Work item → Search the entries below for "mxGraphModel". Report each line where it occurs.

Dataset excerpts
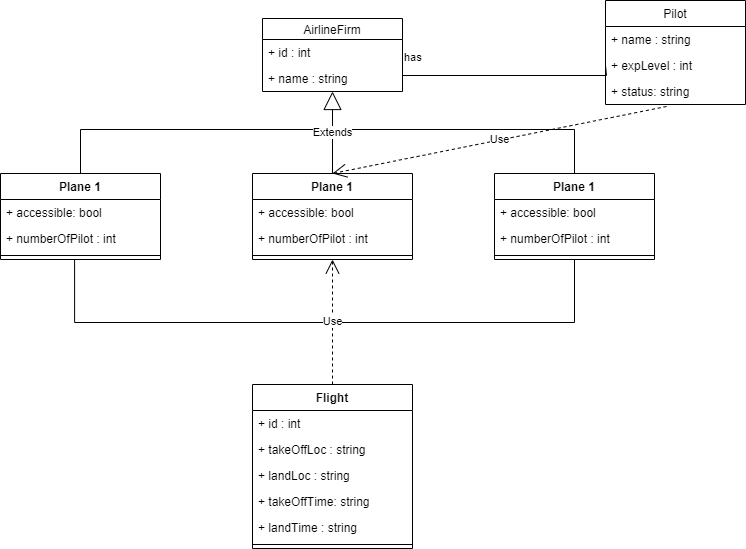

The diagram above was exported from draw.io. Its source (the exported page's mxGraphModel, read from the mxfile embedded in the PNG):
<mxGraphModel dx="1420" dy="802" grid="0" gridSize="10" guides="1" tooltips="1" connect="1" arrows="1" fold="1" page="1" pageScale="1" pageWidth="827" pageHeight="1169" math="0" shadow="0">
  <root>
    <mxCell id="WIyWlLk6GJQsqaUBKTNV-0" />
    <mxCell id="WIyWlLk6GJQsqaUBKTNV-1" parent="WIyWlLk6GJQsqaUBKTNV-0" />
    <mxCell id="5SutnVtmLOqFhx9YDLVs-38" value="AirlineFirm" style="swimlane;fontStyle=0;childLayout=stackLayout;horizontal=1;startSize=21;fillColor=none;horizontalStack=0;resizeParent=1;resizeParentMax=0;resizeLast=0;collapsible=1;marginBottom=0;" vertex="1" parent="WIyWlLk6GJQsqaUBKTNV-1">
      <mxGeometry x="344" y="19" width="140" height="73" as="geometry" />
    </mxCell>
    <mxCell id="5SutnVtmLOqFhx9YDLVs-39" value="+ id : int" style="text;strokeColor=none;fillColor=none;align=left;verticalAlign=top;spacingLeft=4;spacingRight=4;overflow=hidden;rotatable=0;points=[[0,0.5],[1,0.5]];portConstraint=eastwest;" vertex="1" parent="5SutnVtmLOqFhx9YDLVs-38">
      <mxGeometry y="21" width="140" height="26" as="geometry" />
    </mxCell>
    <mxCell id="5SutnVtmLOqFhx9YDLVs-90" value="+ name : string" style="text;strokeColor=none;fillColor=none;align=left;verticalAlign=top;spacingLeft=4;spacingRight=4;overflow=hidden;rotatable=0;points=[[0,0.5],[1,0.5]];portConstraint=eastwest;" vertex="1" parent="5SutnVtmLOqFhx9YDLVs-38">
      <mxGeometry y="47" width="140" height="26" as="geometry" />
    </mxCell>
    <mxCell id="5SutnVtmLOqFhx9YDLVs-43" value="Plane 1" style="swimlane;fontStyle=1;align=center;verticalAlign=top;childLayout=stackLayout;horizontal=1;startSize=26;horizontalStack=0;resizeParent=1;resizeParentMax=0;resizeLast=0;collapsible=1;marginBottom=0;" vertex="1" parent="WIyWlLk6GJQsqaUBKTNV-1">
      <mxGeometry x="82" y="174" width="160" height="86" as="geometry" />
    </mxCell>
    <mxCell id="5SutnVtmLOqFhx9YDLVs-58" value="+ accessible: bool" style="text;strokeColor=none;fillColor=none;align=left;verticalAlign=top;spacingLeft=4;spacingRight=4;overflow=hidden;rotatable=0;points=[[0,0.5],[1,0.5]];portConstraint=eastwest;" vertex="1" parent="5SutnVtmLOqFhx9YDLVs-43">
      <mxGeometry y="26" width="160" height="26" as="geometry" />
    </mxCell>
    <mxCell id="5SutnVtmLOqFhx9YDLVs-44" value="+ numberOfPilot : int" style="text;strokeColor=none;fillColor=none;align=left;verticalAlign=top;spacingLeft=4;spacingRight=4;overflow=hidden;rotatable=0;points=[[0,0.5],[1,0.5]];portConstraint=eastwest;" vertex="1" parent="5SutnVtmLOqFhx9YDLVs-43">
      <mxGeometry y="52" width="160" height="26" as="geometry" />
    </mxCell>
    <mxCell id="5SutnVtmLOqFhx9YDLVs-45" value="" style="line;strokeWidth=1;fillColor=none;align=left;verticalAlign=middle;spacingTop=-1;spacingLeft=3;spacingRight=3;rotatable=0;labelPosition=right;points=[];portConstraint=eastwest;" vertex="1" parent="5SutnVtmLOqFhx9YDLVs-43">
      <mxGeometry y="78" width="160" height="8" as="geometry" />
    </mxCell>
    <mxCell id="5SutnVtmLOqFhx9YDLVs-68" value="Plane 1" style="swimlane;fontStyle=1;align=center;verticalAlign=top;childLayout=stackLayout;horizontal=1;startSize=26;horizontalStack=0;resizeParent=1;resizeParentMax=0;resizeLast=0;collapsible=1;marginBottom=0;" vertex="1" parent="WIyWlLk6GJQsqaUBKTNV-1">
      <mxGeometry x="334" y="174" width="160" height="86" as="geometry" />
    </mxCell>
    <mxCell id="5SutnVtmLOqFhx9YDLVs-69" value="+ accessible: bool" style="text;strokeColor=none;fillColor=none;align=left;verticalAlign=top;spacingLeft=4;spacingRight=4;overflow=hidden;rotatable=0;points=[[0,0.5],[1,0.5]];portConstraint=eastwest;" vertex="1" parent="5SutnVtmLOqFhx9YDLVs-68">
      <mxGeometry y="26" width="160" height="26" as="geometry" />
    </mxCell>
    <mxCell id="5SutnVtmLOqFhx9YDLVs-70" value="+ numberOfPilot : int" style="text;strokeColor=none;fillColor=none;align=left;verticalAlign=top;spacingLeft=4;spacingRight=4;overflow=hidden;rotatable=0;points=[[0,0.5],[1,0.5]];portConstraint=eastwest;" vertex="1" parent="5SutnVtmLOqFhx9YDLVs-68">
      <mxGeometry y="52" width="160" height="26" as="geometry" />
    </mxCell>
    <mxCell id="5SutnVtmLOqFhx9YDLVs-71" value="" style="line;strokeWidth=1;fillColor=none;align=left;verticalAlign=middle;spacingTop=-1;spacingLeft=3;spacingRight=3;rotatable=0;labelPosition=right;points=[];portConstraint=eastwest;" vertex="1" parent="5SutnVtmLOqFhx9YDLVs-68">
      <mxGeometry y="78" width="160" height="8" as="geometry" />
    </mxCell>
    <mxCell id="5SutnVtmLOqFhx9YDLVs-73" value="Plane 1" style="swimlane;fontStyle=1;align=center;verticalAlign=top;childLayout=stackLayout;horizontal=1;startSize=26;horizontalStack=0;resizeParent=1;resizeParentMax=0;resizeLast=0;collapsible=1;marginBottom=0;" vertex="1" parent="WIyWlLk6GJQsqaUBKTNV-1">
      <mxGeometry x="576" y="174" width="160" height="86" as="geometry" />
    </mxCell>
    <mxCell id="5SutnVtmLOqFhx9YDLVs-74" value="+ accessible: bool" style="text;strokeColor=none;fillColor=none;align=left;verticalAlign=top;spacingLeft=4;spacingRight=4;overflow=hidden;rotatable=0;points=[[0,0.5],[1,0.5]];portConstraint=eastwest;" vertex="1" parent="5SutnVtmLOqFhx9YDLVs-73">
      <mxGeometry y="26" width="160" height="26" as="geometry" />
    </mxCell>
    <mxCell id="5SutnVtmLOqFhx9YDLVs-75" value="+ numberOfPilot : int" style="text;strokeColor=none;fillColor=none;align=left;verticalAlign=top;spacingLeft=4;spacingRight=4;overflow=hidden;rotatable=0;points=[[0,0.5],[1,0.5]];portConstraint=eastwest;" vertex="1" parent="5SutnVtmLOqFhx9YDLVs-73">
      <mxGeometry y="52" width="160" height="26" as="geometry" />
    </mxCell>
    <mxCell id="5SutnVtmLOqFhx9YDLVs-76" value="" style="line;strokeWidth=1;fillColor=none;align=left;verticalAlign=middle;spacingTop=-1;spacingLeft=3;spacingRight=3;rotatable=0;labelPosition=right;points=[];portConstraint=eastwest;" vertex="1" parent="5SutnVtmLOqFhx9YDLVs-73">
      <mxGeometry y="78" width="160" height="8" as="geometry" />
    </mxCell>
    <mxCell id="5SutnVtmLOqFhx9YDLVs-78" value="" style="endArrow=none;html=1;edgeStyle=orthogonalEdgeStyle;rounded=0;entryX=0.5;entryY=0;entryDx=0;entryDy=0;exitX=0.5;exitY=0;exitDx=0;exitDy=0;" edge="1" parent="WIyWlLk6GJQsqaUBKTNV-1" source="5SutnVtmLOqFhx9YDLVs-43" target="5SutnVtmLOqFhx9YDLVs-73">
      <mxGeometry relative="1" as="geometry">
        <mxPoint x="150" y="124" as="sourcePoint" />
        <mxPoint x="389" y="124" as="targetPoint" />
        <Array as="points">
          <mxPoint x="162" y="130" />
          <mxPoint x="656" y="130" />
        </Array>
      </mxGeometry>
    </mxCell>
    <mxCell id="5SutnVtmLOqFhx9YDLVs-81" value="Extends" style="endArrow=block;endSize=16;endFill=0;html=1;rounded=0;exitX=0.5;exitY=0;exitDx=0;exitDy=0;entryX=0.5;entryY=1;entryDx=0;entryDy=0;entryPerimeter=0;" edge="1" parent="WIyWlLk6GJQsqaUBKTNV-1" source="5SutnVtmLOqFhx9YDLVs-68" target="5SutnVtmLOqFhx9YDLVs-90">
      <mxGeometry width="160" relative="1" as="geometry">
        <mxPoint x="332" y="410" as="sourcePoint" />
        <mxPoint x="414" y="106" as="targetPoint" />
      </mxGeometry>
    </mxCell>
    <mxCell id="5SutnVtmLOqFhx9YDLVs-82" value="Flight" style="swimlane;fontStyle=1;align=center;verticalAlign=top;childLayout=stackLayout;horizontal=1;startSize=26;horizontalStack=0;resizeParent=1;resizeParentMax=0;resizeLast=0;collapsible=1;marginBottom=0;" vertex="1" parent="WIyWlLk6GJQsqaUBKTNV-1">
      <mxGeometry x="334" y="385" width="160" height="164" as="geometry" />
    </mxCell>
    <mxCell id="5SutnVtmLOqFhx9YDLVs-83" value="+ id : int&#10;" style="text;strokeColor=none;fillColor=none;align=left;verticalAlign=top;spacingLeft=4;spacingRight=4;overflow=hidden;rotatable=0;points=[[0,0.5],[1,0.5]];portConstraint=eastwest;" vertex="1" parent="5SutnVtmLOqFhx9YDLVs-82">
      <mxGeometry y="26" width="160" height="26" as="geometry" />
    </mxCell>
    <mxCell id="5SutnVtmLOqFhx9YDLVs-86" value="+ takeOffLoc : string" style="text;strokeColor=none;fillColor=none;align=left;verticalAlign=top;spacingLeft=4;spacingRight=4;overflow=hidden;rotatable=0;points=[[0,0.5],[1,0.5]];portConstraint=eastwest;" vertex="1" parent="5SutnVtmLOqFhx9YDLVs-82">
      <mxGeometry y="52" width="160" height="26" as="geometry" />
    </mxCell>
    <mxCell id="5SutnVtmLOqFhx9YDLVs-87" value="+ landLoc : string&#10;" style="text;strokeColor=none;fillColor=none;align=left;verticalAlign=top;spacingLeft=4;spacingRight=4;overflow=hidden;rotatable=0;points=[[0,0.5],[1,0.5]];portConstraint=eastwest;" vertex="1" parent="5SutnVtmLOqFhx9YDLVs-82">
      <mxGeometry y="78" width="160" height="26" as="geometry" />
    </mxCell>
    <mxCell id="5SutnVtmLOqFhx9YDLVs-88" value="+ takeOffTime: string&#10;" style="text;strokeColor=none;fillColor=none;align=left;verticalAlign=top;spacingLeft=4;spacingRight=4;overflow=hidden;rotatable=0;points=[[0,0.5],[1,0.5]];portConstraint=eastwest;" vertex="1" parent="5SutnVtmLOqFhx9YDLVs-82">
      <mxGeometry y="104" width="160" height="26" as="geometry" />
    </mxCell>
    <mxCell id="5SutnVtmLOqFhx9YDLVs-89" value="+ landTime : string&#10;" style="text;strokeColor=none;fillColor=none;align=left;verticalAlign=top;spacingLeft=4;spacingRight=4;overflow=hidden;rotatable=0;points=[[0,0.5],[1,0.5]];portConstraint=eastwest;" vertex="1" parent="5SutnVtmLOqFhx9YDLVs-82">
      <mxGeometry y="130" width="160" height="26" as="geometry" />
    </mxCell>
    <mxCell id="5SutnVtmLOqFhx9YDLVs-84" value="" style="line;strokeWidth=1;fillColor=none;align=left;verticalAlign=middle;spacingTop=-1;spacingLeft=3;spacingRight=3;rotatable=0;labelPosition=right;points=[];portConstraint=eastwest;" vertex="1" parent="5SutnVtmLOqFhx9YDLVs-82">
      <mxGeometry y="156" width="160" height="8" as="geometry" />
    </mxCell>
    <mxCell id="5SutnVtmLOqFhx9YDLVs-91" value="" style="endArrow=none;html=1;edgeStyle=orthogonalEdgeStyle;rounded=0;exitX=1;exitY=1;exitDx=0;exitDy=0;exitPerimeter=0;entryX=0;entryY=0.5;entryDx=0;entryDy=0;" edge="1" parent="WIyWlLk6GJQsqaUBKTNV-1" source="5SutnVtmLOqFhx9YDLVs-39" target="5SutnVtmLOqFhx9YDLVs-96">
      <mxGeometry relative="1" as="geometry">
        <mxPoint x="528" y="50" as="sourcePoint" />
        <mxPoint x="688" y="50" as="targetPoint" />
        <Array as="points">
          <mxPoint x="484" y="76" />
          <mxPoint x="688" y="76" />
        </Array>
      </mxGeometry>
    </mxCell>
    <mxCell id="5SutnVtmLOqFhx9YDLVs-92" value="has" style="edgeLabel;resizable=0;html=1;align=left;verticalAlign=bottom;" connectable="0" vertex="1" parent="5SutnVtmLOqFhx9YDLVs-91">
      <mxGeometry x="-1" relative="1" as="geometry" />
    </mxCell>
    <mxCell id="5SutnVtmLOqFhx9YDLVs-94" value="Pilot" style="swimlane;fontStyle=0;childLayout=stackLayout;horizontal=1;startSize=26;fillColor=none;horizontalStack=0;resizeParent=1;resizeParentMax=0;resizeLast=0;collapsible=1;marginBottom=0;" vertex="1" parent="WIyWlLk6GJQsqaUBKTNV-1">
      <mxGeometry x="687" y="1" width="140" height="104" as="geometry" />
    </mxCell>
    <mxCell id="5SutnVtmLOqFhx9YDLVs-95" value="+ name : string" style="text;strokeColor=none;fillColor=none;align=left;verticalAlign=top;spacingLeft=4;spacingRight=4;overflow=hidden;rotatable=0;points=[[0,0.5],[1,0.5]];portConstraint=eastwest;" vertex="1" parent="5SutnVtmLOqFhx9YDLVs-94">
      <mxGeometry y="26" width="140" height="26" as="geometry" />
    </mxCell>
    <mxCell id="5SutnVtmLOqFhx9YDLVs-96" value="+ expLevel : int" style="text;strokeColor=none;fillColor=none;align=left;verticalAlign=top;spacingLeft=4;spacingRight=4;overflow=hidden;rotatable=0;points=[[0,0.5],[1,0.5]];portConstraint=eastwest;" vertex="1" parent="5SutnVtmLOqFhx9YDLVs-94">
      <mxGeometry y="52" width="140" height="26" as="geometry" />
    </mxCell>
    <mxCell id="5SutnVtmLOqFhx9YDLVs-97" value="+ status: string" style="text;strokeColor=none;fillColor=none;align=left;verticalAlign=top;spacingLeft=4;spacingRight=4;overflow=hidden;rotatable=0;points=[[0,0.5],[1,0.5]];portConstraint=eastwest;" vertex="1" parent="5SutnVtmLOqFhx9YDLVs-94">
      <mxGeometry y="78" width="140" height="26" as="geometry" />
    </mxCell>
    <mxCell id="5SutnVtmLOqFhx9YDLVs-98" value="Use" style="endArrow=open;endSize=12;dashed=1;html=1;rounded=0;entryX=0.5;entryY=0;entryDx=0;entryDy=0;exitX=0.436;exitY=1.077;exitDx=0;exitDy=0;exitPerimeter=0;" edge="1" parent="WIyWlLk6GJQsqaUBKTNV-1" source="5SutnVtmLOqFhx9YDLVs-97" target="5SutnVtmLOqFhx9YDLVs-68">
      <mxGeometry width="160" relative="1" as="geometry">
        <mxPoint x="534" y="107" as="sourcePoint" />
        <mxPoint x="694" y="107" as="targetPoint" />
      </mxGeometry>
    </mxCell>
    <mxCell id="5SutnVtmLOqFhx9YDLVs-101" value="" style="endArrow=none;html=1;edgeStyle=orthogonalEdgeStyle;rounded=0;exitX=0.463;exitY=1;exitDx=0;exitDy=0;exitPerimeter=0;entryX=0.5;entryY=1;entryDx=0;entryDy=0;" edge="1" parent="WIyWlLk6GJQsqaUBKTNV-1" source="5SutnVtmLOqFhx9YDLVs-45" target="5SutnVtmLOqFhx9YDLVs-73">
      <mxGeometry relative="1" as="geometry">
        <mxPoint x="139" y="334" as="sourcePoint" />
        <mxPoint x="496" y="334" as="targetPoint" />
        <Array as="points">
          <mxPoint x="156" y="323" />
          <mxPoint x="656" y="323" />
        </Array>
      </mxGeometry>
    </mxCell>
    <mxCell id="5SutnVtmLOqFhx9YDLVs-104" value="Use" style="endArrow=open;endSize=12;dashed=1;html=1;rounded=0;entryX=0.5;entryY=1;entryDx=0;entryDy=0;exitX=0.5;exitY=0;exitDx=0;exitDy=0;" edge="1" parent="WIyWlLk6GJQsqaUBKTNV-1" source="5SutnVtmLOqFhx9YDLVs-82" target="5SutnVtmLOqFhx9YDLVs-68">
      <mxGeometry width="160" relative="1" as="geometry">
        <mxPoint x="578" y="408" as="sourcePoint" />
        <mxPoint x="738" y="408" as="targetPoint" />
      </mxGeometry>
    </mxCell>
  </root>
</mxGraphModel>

Finished task →
The diagram above was exported from draw.io. Its source (the exported page's mxGraphModel, read from the mxfile embedded in the PNG):
<mxGraphModel dx="1420" dy="802" grid="0" gridSize="10" guides="1" tooltips="1" connect="1" arrows="1" fold="1" page="1" pageScale="1" pageWidth="827" pageHeight="1169" math="0" shadow="0">
</mxGraphModel>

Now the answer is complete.